= Scientific Working Group =

Organisational structure for US forensic scientists

Since the early 1990s, American and International forensic science laboratories and practitioners have collaborated in Scientific Working Groups (SWGs) to improve discipline practices and build consensus standards. In 2014, the SWGs are being reorganized under the NIST Organization for Scientific Area Committees (OSAC). SWGs are not limited to forensic science. They are common in many other fields.
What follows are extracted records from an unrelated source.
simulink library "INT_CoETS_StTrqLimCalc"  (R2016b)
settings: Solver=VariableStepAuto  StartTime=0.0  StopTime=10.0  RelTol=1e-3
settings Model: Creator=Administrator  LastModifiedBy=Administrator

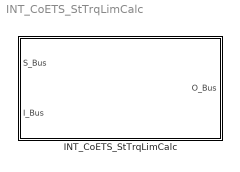
== system INT_CoETS_StTrqLimCalc ==
  INT_CoETS_StTrqLimCalc : Subsystem

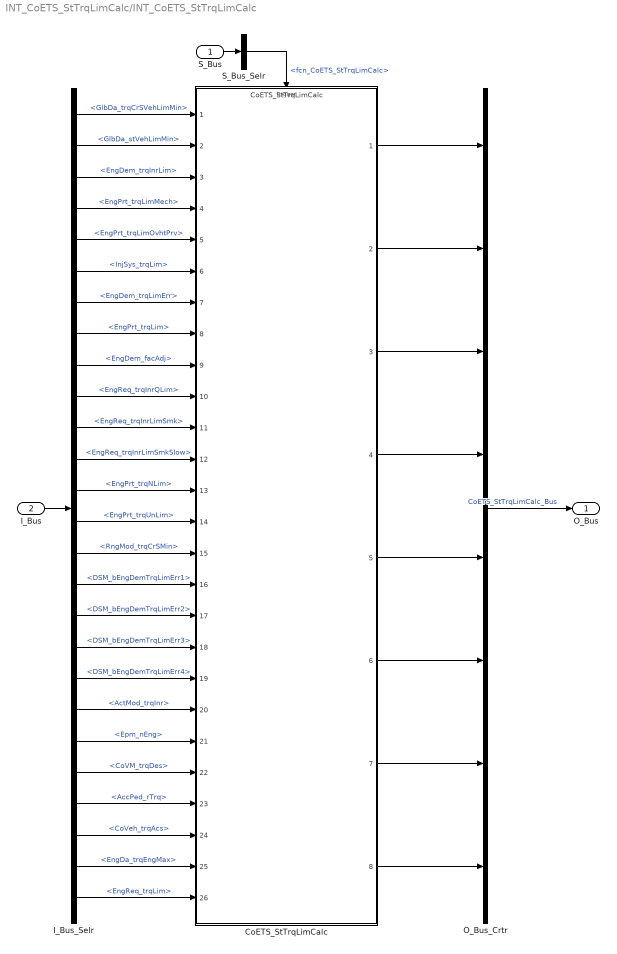
== system INT_CoETS_StTrqLimCalc/INT_CoETS_StTrqLimCalc ==
  S_Bus : Inport
  I_Bus : Inport  Port=2
  CoETS_StTrqLimCalc : ModelReference  ModelNameDialog=CoETS_StTrqLimCalc  SimulationMode=Normal  ModelReferenceVersion=1.3  TriggerPortName=function  TriggerPortTriggerType=function-call  TriggerPortStatesWhenEnabling=held
  I_Bus_Selr : BusSelector  OutputSignals=GlbDa_trqCrSVehLimMin,GlbDa_stVehLimMin,EngDem_trqInrLim,EngPrt_trqLimMech,EngPrt_trqLimOvhtPrv,InjSys_trqLim,EngDem_trqLimErr,EngPrt_trqLim,EngDem_facAdj,EngReq_trqInrQLim,EngReq_trqInrLimSmk,EngReq_trqInrLimSmkSlow,EngPrt_trqNLim,EngPrt_trqUnLim,RngMod_trqCrSMin,DSM_bEngDemTrqLimErr1,DSM_bEngDemTrqLimErr2,DSM_bEngDemTrqLimErr3,DSM_bEngDemTrqLimErr4,ActMod_trqInr,Epm_nEng,CoVM_trqDes,AccPed_rTrq,CoVeh_trqAcs,EngDa_trqEngMax,EngReq_trqLim
  O_Bus_Crtr : BusCreator  Inputs=8
  S_Bus_Selr : BusSelector  OutputSignals=fcn_CoETS_StTrqLimCalc
  O_Bus : Outport
  wires:
  S_Bus_Selr/1 -> CoETS_StTrqLimCalc/Trigger  "<fcn_CoETS_StTrqLimCalc>"
  S_Bus/1 -> S_Bus_Selr/1
  I_Bus/1 -> I_Bus_Selr/1
  I_Bus_Selr/1 -> CoETS_StTrqLimCalc/1  "<GlbDa_trqCrSVehLimMin>"
  I_Bus_Selr/2 -> CoETS_StTrqLimCalc/2  "<GlbDa_stVehLimMin>"
  I_Bus_Selr/3 -> CoETS_StTrqLimCalc/3  "<EngDem_trqInrLim>"
  I_Bus_Selr/4 -> CoETS_StTrqLimCalc/4  "<EngPrt_trqLimMech>"
  I_Bus_Selr/5 -> CoETS_StTrqLimCalc/5  "<EngPrt_trqLimOvhtPrv>"
  I_Bus_Selr/6 -> CoETS_StTrqLimCalc/6  "<InjSys_trqLim>"
  I_Bus_Selr/7 -> CoETS_StTrqLimCalc/7  "<EngDem_trqLimErr>"
  I_Bus_Selr/8 -> CoETS_StTrqLimCalc/8  "<EngPrt_trqLim>"
  I_Bus_Selr/9 -> CoETS_StTrqLimCalc/9  "<EngDem_facAdj>"
  I_Bus_Selr/10 -> CoETS_StTrqLimCalc/10  "<EngReq_trqInrQLim>"
  I_Bus_Selr/11 -> CoETS_StTrqLimCalc/11  "<EngReq_trqInrLimSmk>"
  I_Bus_Selr/12 -> CoETS_StTrqLimCalc/12  "<EngReq_trqInrLimSmkSlow>"
  I_Bus_Selr/13 -> CoETS_StTrqLimCalc/13  "<EngPrt_trqNLim>"
  I_Bus_Selr/14 -> CoETS_StTrqLimCalc/14  "<EngPrt_trqUnLim>"
  I_Bus_Selr/15 -> CoETS_StTrqLimCalc/15  "<RngMod_trqCrSMin>"
  I_Bus_Selr/16 -> CoETS_StTrqLimCalc/16  "<DSM_bEngDemTrqLimErr1>"
  I_Bus_Selr/17 -> CoETS_StTrqLimCalc/17  "<DSM_bEngDemTrqLimErr2>"
  I_Bus_Selr/18 -> CoETS_StTrqLimCalc/18  "<DSM_bEngDemTrqLimErr3>"
  I_Bus_Selr/19 -> CoETS_StTrqLimCalc/19  "<DSM_bEngDemTrqLimErr4>"
  I_Bus_Selr/20 -> CoETS_StTrqLimCalc/20  "<ActMod_trqInr>"
  I_Bus_Selr/21 -> CoETS_StTrqLimCalc/21  "<Epm_nEng>"
  I_Bus_Selr/22 -> CoETS_StTrqLimCalc/22  "<CoVM_trqDes>"
  I_Bus_Selr/23 -> CoETS_StTrqLimCalc/23  "<AccPed_rTrq>"
  I_Bus_Selr/24 -> CoETS_StTrqLimCalc/24  "<CoVeh_trqAcs>"
  I_Bus_Selr/25 -> CoETS_StTrqLimCalc/25  "<EngDa_trqEngMax>"
  I_Bus_Selr/26 -> CoETS_StTrqLimCalc/26  "<EngReq_trqLim>"
  O_Bus_Crtr/1 -> O_Bus/1  "CoETS_StTrqLimCalc_Bus"
  CoETS_StTrqLimCalc/1 -> O_Bus_Crtr/1
  CoETS_StTrqLimCalc/2 -> O_Bus_Crtr/2
  CoETS_StTrqLimCalc/3 -> O_Bus_Crtr/3
  CoETS_StTrqLimCalc/4 -> O_Bus_Crtr/4
  CoETS_StTrqLimCalc/5 -> O_Bus_Crtr/5
  CoETS_StTrqLimCalc/6 -> O_Bus_Crtr/6
  CoETS_StTrqLimCalc/7 -> O_Bus_Crtr/7
  CoETS_StTrqLimCalc/8 -> O_Bus_Crtr/8

As of January 2012, active SWGs included the following:

- FISWG - Facial Identification Scientific Working Group
- SWGANTH - Forensic Anthropology
- SWGCBRN - Chemical, Biological, Radiological and Nuclear
- SWGDAM - DNA Analysis
- SWGDE - Digital Evidence
- SWGDMI - Medicolegal Death Investigation
- SWGDOC - Questioned Documents
- SWGDOG - Dogs and Orthogonal Detection
- SWGDRUG - Analysis of Seized Drugs
- SWGDVI - Disaster Victim Identification
- SWGFAST - Latent Fingerprints
- SWGFEX - Fire and Explosives Scenes
- SWGGEO - Geological Materials
- SWGGSR - Gunshot Residue
- SWGGUN - Firearms and Toolmarks
- SWGIBRA - Illicit Business Records
- SWGIT - Imaging Technologies
- SWGMAT - Materials Analysis
- SWGSTAIN - Bloodstain Pattern Analysis
- SWGTOX - Toxicology
- SWGTREAD - Footwear and Tiretracks
- SWGWILD - Wildlife Forensics

Each SWG includes scientists working within the field of focus. Although a couple of the above-listed SWGs have only American members, most of the groups have international members. Federal, state or local government forensic laboratory scientists are the most common SWG members, but many SWGs also include other experts such as private laboratory scientists, academia, independent consultants, attorneys and judges.

Most SWGs have public websites with discipline-specific resources including approved and drafts for comment standards, best practices guidelines and related documents.